DEV Community

bob lee
bob lee

Posted on

Building a Self-Verifying FTIR Agent with Qwen Function Calling

Built for Track 4: Autopilot Agent — #QwenCloudHackathon


Most AI "agents" are API wrappers with a system prompt. Upload data, call one endpoint, return the result. No verification, no reasoning about what went wrong, no ability to self-correct.

For the Qwen Cloud Hackathon, I built ChemSpectra Agent — an FTIR spectral analysis system where Qwen-3.7-Max autonomously selects tools, cross-validates evidence across multiple results, and triggers self-verification when confidence is low. The key insight: an agent that checks its own work catches errors that single-pass analysis misses.

Why Function Calling Changes Everything

The agent has access to 5 analysis tools, each hitting a different endpoint of the FTIR.fun spectral library (130,000+ reference spectra):

Tool Purpose
identify_material Match spectrum against reference library, return ranked candidates
explain_peaks Explain what chemical bond vibration each peak represents
assign_functional_groups Map peaks to functional groups (C=O, O-H, N-H, etc.)
match_library_topk Rapid top-K screening without deep analysis
search_public_results Search publicly shared analysis cases (via MCP)

Instead of hardcoding which tools to call, I define these as Qwen Function Calling schemas and let the model decide:

AGENT_TOOLS = [
    {
        "type": "function",
        "function": {
            "name": "identify_material",
            "description": "Match spectrum against 130,000+ reference spectra...",
            "parameters": {
                "type": "object",
                "properties": {
                    "top_k": {"type": "integer", "default": 10},
                    "sample_type": {"type": "string"},
                },
            },
        },
    },
    # ... 4 more tools
]

response = Generation.call(
    api_key=DASHSCOPE_API_KEY,
    model="qwen3.7-max",
    messages=messages,
    tools=AGENT_TOOLS,       # Qwen decides which to call
    result_format="message",
)
Enter fullscreen mode Exit fullscreen mode

The result: different questions trigger different tool combinations. "What is this material?" → identify_material + explain_peaks. "Deformulate this sample" → all three analytical tools. "Quick screening" → just match_library_topk.
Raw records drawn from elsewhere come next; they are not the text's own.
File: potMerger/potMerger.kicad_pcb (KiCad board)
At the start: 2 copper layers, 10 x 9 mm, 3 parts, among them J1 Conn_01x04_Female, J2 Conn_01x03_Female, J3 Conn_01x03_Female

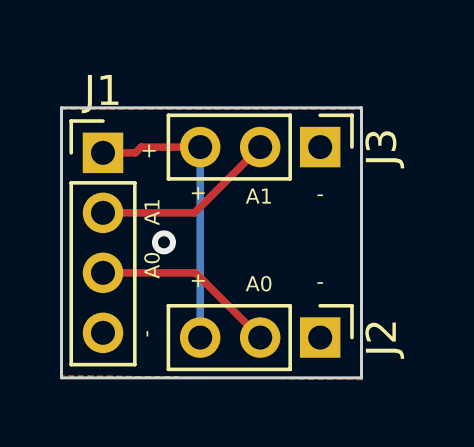
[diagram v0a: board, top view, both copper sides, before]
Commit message: potMerger : made it 0.25 mm wider
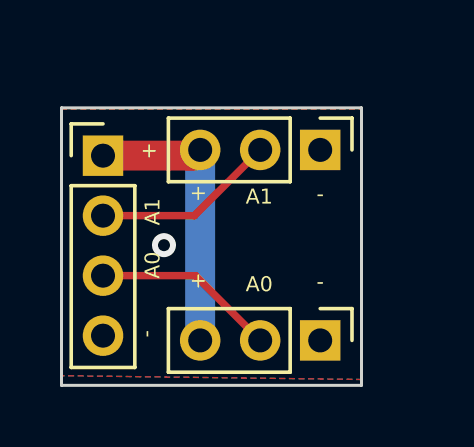
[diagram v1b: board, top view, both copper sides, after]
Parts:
- moved J1 0.09 mm to (151.4, 51.6)
- moved J2 0.09 mm to (158.6, 57.8)
- moved J3 0.09 mm to (158.6, 51.4)
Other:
- board size 10 x 9 mm -> 10 x 9.2 mm
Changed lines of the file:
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@@
   (net 4 "GND")
   (footprint "Connector_PinHeader_2.00mm:PinHeader_1x04_P2.00mm_Vertical" (layer "F.Cu")
-    (at 151.384 51.5)
+    (at 151.384 51.594)
     (descr "Through hole straight pin header, 1x04, 2.00mm pitch, single row")
     (tags "Through hole pin header THT 1x04 2.00mm single row")
@@
     (property "Sheetname" "")
     (attr through_hole)
-    (fp_text reference "J1" (at 0 -2.06) (layer "F.SilkS")
+    (fp_text reference "J1" (at 0 -2.06) (layer "F.SilkS") hide
       (effects (font (size 1 1) (thickness 0.15)))
     )
@@
   )
   (footprint "Connector_PinHeader_2.00mm:PinHeader_1x03_P2.00mm_Vertical" (layer "F.Cu")
-    (at 158.623 51.308 -90)
+    (at 158.623 51.402 -90)
     (descr "Through hole straight pin header, 1x03, 2.00mm pitch, single row")
     (tags "Through hole pin header THT 1x03 2.00mm single row")
@@
     (property "Sheetname" "")
     (attr through_hole)
-    (fp_text reference "J3" (at 0 -2.06 90) (layer "F.SilkS")
+    (fp_text reference "J3" (at 0 -2.06 90) (layer "F.SilkS") hide
       (effects (font (size 1 1) (thickness 0.15)))
     )
@@
   )
   (footprint "Connector_PinHeader_2.00mm:PinHeader_1x03_P2.00mm_Vertical" (layer "F.Cu")
-    (at 158.623 57.658 -90)
+    (at 158.623 57.752 -90)
     (descr "Through hole straight pin header, 1x03, 2.00mm pitch, single row")
     (tags "Through hole pin header THT 1x03 2.00mm single row")
@@
     (property "Sheetname" "")
     (attr through_hole)
-    (fp_text reference "J2" (at 0 -2.06 90) (layer "F.SilkS")
+    (fp_text reference "J2" (at 0 -2.06 90) (layer "F.SilkS") hide
       (effects (font (size 1 1) (thickness 0.15)))
     )
@@
       (net 1 "+3.3V") (pinfunction "Pin_3") (pintype "passive"))
   )
-  (gr_rect (start 150 50) (end 160 59) (layer "Edge.Cuts") (width 0.1) (fill none))
+  (gr_rect (start 150 50) (end 160 59.25) (layer "Edge.Cuts") (width 0.1) (fill none))
   (gr_text "+" (at 154.559 55.753) (layer "F.SilkS")
     (effects (font (size 0.5 0.5) (thickness 0.1)))
@@
   )
   (dimension (type aligned) (layer "Margin")
-    (pts (xy 160 59) (xy 150 59))
-    (height -5)
-    (gr_text "10,0000 mm" (at 155 62.85) (layer "Margin")
+    (pts (xy 150 50) (xy 160 50))
+    (height -7)
+    (gr_text "10.0000 mm" (at 155 41.85) (layer "Margin")
       (effects (font (size 1 1) (thickness 0.15)))
     )
@@
   )
   (dimension (type aligned) (layer "Margin")
-    (pts (xy 150 50) (xy 160 50))
-    (height -7)
-    (gr_text "10,0000 mm" (at 155 41.85) (layer "Margin")
+    (pts (xy 150 50) (xy 150 59.25))
+    (height 4.585)
+    (gr_text "9.2500 mm" (at 144.265 54.625 90) (layer "Margin")
       (effects (font (size 1 1) (thickness 0.15)))
     )
@@
     (style (thickness 0.15) (arrow_length 1.27) (text_position_mode 0) (extension_height 0.58642) (extension_offset 0.5) keep_text_aligned)
   )
-  (dimension (type aligned) (layer "Margin")
-    (pts (xy 160 50) (xy 160 59))
-    (height -6)
-    (gr_text "9,0000 mm" (at 164.85 54.5 90) (layer "Margin")
-      (effects (font (size 1 1) (thickness 0.15)))
-    )
-    (format (units 3) (units_format 1) (precision 4))
-    (style (thickness 0.15) (arrow_length 1.27) (text_position_mode 0) (extension_height 0.58642) (extension_offset 0.5) keep_text_aligned)
-  )
-  (dimension (type aligned) (layer "Margin")
-    (pts (xy 150 59) (xy 150 50))
-    (height -6)
-    (gr_text "9,0000 mm" (at 142.85 54.5 90) (layer "Margin")
-      (effects (font (size 1 1) (thickness 0.15)))
-    )
-    (format (units 3) (units_format 1) (precision 4))
-    (style (thickness 0.15) (arrow_length 1.27) (text_position_mode 0) (extension_height 0.58642) (extension_offset 0.5) keep_text_aligned)
-  )
-  (segment (start 152.465 51.5) (end 152.657 51.308) (width 0.25) (layer "F.Cu") (net 1))
-  (segment (start 151.384 51.5) (end 152.465 51.5) (width 0.25) (layer "F.Cu") (net 1))
-  (segment (start 152.657 51.308) (end 154.623 51.308) (width 0.25) (layer "F.Cu") (net 1))
-  (segment (start 154.623 57.658) (end 154.623 51.308) (width 0.25) (layer "B.Cu") (net 1))
-  (segment (start 154.431 53.5) (end 156.623 51.308) (width 0.25) (layer "F.Cu") (net 2))
-  (segment (start 151.384 53.5) (end 154.431 53.5) (width 0.25) (layer "F.Cu") (net 2))
-  (segment (start 151.384 55.5) (end 154.465 55.5) (width 0.25) (layer "F.Cu") (net 3))
-  (segment (start 154.465 55.5) (end 156.623 57.658) (width 0.25) (layer "F.Cu") (net 3))
-  (via (at 153.416 54.483) (size 0.8) (drill 0.4) (layers "F.Cu" "B.Cu") (free) (net 4))
+  (segment (start 151.384 51.594) (end 154.431 51.594) (width 1) (layer "F.Cu") (net 1))
+  (segment (start 154.431 51.5) (end 154.623 51.308) (width 1) (layer "F.Cu") (net 1))
+  (segment (start 154.623 51.402) (end 154.623 57.752) (width 1) (layer "B.Cu") (net 1))
+  (segment (start 154.431 53.594) (end 156.623 51.402) (width 0.25) (layer "F.Cu") (net 2))
+  (segment (start 151.384 53.594) (end 154.431 53.594) (width 0.25) (layer "F.Cu") (net 2))
+  (segment (start 151.384 55.594) (end 154.465 55.594) (width 0.25) (layer "F.Cu") (net 3))
+  (segment (start 154.465 55.594) (end 156.623 57.752) (width 0.25) (layer "F.Cu") (net 3))
+  (via (at 153.416 54.577) (size 0.8) (drill 0.4) (layers "F.Cu" "B.Cu") (free) (net 4))
   (zone (net 4) (net_name "GND") (layers F&B.Cu) (hatch edge 0.508)
     (connect_pads (clearance 0.508))

The LLM decides, not the developer.

The ReAct Loop

The agent runs a Think → Act → Observe loop, up to 6 iterations:

  1. Qwen receives the user request + tool schemas
  2. Qwen returns tool_calls — which tools to invoke and with what parameters
  3. Agent executes the tools against FTIR.fun API
  4. Results are formatted and sent back to Qwen
  5. Qwen either calls more tools or produces a final synthesis

In practice, most analyses complete in 2-3 iterations. Qwen's enable_thinking=True mode shows the full chain-of-thought reasoning, so you can see why it chose each tool.

Cross-Validation: Where It Gets Interesting

After the ReAct loop, the agent doesn't just return results. It runs two automated checks:

Confidence estimation — calculated from match scores, candidate score gaps, and functional group coverage:

def _estimate_confidence(self, session):
    scores = []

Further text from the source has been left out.